> What this task involves: When a line of the records below contains the string "Mins", copy that whole line.

> Records for this task:
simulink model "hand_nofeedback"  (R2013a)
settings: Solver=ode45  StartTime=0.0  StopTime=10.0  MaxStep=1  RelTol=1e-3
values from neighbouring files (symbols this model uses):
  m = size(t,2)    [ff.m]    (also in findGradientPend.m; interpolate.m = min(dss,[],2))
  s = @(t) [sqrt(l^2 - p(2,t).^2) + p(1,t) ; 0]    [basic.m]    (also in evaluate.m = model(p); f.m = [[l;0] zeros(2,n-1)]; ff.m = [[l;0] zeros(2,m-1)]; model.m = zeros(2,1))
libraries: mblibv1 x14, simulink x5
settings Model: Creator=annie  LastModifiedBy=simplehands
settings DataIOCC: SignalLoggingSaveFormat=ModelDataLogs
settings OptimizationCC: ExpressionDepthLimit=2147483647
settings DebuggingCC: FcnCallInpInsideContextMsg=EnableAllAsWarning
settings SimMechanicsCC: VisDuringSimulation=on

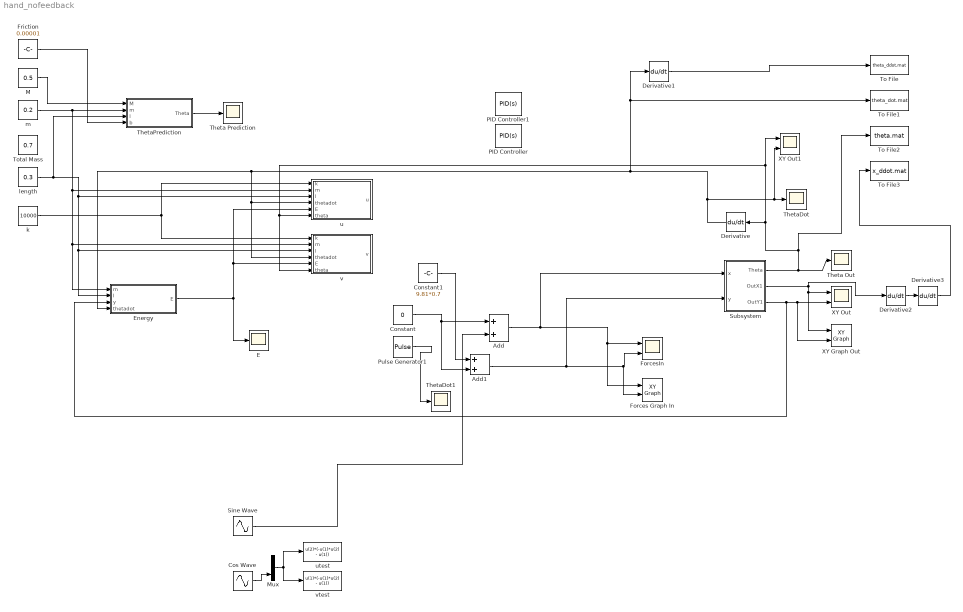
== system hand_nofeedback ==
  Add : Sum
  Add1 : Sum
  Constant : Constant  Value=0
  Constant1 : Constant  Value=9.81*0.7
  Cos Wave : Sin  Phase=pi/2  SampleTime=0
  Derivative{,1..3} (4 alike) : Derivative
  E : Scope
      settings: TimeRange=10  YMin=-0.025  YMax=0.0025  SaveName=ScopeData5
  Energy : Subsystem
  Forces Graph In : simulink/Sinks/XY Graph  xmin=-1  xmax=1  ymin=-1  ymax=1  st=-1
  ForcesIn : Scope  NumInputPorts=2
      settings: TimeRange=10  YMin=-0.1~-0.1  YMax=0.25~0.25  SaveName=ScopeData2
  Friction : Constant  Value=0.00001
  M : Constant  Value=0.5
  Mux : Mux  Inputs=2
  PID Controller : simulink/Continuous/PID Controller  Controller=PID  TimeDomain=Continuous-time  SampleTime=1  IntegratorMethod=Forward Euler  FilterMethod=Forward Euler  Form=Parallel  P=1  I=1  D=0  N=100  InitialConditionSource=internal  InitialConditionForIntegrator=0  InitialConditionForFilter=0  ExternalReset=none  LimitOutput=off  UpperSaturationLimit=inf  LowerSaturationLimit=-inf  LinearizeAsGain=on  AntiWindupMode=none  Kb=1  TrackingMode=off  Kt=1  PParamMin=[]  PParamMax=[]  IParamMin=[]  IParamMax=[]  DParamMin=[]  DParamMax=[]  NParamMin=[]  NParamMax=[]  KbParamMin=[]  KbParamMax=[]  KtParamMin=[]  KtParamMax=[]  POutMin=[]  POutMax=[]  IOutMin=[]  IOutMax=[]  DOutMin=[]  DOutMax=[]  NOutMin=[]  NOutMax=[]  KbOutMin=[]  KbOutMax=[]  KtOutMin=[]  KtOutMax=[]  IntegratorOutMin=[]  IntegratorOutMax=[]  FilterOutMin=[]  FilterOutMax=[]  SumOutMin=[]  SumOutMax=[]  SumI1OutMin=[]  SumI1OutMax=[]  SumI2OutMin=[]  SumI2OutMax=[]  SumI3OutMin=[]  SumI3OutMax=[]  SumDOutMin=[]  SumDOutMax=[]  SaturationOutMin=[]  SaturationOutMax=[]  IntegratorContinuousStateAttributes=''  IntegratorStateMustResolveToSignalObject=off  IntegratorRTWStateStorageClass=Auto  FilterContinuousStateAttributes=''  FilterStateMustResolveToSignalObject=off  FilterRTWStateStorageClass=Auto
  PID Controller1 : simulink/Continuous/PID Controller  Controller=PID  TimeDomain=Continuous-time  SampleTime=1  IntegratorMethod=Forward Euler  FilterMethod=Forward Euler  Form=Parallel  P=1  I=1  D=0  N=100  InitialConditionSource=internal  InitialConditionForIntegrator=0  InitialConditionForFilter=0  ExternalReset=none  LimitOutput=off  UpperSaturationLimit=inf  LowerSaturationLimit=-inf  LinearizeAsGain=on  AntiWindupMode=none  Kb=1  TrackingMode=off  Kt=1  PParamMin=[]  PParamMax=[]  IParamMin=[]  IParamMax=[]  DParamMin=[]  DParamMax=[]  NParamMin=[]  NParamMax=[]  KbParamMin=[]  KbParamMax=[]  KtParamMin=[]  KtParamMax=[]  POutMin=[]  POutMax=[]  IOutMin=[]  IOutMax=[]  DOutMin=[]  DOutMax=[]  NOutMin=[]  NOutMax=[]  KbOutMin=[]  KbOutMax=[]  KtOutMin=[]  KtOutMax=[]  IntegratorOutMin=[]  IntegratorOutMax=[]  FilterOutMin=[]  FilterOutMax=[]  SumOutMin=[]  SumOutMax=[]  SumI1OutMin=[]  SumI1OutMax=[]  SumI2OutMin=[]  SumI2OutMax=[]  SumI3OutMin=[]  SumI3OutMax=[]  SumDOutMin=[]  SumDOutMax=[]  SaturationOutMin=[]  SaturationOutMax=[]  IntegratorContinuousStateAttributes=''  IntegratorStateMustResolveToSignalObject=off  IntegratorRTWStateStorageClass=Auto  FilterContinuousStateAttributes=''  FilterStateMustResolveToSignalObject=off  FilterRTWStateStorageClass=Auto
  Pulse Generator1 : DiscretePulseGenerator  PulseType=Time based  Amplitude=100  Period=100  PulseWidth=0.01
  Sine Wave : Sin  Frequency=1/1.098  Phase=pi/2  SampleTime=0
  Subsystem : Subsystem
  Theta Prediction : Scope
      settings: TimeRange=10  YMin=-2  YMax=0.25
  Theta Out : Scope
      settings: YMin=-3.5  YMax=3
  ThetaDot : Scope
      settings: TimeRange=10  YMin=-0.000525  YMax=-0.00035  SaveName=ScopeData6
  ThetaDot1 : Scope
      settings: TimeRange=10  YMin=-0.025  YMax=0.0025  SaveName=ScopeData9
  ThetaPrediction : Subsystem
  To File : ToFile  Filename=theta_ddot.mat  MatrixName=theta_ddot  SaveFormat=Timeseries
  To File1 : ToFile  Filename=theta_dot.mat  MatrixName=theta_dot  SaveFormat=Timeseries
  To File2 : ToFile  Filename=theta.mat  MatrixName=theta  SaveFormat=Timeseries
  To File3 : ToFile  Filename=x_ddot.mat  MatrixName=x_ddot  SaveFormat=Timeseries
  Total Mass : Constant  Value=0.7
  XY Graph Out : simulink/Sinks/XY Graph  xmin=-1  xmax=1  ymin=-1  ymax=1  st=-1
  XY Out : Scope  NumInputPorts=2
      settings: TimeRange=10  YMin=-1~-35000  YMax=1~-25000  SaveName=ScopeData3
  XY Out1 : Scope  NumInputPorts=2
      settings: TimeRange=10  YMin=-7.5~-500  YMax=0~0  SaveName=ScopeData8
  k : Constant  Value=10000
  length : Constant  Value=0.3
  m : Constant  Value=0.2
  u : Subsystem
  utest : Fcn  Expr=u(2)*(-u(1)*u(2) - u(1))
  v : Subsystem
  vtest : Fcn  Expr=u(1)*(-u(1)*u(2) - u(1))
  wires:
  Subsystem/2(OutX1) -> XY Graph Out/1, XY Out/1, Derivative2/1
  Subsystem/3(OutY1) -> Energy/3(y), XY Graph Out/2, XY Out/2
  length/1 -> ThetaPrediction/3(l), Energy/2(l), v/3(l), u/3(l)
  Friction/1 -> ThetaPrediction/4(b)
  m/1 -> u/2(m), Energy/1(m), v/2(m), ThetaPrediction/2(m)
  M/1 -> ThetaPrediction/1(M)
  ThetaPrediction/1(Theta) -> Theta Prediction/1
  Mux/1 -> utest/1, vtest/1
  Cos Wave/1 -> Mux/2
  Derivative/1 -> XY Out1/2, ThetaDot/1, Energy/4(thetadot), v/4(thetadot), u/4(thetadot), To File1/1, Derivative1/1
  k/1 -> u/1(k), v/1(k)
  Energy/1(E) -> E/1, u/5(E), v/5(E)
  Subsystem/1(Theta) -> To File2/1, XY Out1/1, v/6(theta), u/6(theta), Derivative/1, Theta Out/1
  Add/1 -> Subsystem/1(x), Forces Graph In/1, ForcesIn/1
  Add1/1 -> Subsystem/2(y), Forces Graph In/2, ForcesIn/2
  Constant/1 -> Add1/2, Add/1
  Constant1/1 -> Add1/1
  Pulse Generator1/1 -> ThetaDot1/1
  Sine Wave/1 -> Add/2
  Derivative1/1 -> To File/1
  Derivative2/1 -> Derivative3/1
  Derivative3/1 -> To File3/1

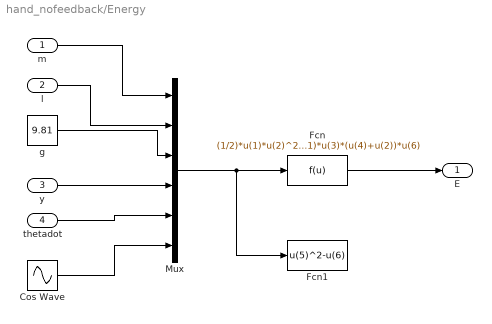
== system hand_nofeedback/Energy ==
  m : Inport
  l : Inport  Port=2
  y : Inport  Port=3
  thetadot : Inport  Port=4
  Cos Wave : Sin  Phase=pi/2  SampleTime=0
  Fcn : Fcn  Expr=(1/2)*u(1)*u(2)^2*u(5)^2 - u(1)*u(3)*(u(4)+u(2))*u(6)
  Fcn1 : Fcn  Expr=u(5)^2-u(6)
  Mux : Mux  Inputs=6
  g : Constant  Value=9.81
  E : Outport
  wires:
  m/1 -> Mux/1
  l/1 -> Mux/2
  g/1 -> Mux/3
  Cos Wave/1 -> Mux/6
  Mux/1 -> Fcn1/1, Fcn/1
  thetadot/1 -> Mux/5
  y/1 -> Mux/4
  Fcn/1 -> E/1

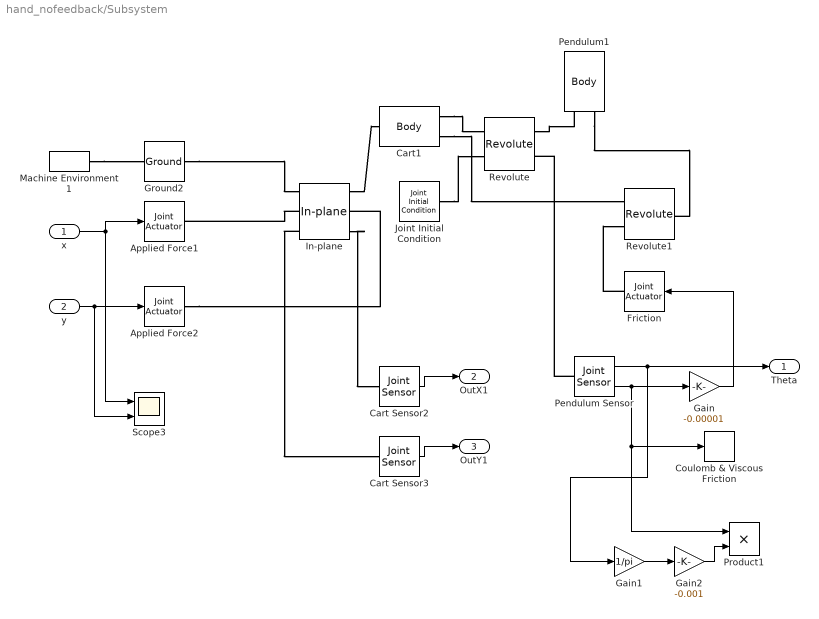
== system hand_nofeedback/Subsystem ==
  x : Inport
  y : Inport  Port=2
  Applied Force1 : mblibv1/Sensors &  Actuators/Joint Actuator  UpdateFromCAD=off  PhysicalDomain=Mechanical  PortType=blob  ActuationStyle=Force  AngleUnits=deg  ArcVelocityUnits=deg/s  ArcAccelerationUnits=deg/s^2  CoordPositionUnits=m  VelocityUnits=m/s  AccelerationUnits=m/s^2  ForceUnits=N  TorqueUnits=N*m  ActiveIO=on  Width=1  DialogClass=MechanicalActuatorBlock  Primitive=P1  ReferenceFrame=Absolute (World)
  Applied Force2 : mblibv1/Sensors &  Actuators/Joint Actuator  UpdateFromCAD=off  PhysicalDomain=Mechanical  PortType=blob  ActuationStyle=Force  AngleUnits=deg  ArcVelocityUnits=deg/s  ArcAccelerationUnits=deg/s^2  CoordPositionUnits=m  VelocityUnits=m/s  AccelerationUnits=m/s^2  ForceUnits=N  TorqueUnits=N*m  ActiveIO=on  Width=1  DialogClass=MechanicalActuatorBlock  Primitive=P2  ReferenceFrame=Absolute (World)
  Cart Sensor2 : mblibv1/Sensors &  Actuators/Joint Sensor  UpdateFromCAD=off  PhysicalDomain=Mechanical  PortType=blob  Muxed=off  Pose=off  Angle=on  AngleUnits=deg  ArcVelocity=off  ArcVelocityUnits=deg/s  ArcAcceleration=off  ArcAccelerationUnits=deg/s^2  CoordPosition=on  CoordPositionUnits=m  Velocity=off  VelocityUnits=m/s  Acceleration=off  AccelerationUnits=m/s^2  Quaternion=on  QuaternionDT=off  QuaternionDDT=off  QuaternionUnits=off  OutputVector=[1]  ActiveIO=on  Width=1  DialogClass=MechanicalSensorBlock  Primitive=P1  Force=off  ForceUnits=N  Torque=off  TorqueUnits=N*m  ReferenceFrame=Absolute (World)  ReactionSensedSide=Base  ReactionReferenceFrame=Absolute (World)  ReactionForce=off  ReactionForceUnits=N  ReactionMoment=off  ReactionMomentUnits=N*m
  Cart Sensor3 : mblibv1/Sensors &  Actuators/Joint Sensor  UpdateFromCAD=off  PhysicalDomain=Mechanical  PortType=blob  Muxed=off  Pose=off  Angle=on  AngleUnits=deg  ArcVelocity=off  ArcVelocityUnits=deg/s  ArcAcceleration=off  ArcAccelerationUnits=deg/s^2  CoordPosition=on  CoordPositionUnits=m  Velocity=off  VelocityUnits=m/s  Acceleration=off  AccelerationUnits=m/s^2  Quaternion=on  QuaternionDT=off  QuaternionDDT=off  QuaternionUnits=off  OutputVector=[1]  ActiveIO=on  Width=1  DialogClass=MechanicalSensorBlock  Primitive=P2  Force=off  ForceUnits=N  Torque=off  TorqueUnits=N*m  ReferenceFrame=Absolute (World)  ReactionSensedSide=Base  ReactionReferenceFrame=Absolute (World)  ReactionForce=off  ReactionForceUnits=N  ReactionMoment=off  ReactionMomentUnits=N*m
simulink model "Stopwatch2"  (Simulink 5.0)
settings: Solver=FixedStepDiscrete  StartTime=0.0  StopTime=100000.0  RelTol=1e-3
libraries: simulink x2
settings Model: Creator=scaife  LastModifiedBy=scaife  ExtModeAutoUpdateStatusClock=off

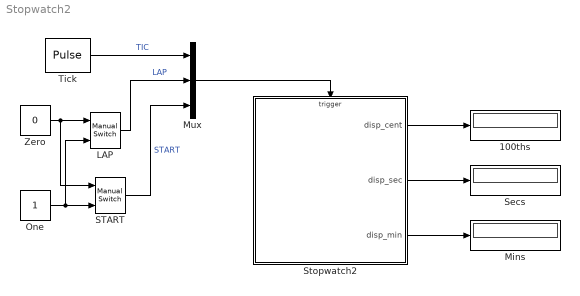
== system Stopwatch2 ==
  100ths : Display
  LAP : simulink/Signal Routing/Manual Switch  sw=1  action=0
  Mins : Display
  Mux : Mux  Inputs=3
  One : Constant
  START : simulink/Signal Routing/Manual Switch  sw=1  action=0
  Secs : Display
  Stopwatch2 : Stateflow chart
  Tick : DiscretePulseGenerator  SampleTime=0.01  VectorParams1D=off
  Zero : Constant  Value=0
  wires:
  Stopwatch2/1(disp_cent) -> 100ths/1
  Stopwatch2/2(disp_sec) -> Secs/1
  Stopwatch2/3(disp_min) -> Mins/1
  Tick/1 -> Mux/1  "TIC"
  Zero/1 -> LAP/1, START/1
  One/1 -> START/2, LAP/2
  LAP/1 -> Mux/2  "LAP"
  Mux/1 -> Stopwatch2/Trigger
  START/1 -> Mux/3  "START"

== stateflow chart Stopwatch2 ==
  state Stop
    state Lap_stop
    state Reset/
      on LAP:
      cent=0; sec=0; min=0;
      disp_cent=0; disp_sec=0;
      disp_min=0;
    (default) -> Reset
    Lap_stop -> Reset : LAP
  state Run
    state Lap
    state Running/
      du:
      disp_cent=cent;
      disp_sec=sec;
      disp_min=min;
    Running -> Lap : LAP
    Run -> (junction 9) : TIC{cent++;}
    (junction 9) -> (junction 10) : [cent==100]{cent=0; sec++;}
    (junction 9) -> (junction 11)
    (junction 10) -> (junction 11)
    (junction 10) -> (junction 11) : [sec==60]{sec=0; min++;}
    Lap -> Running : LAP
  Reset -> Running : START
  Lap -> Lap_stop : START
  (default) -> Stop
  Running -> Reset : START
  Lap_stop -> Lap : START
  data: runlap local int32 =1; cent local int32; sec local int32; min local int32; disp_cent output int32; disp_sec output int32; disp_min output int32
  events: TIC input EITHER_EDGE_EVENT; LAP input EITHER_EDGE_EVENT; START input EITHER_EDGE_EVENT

> Exercise output:
  Mins : Display
  Stopwatch2/3(disp_min) -> Mins/1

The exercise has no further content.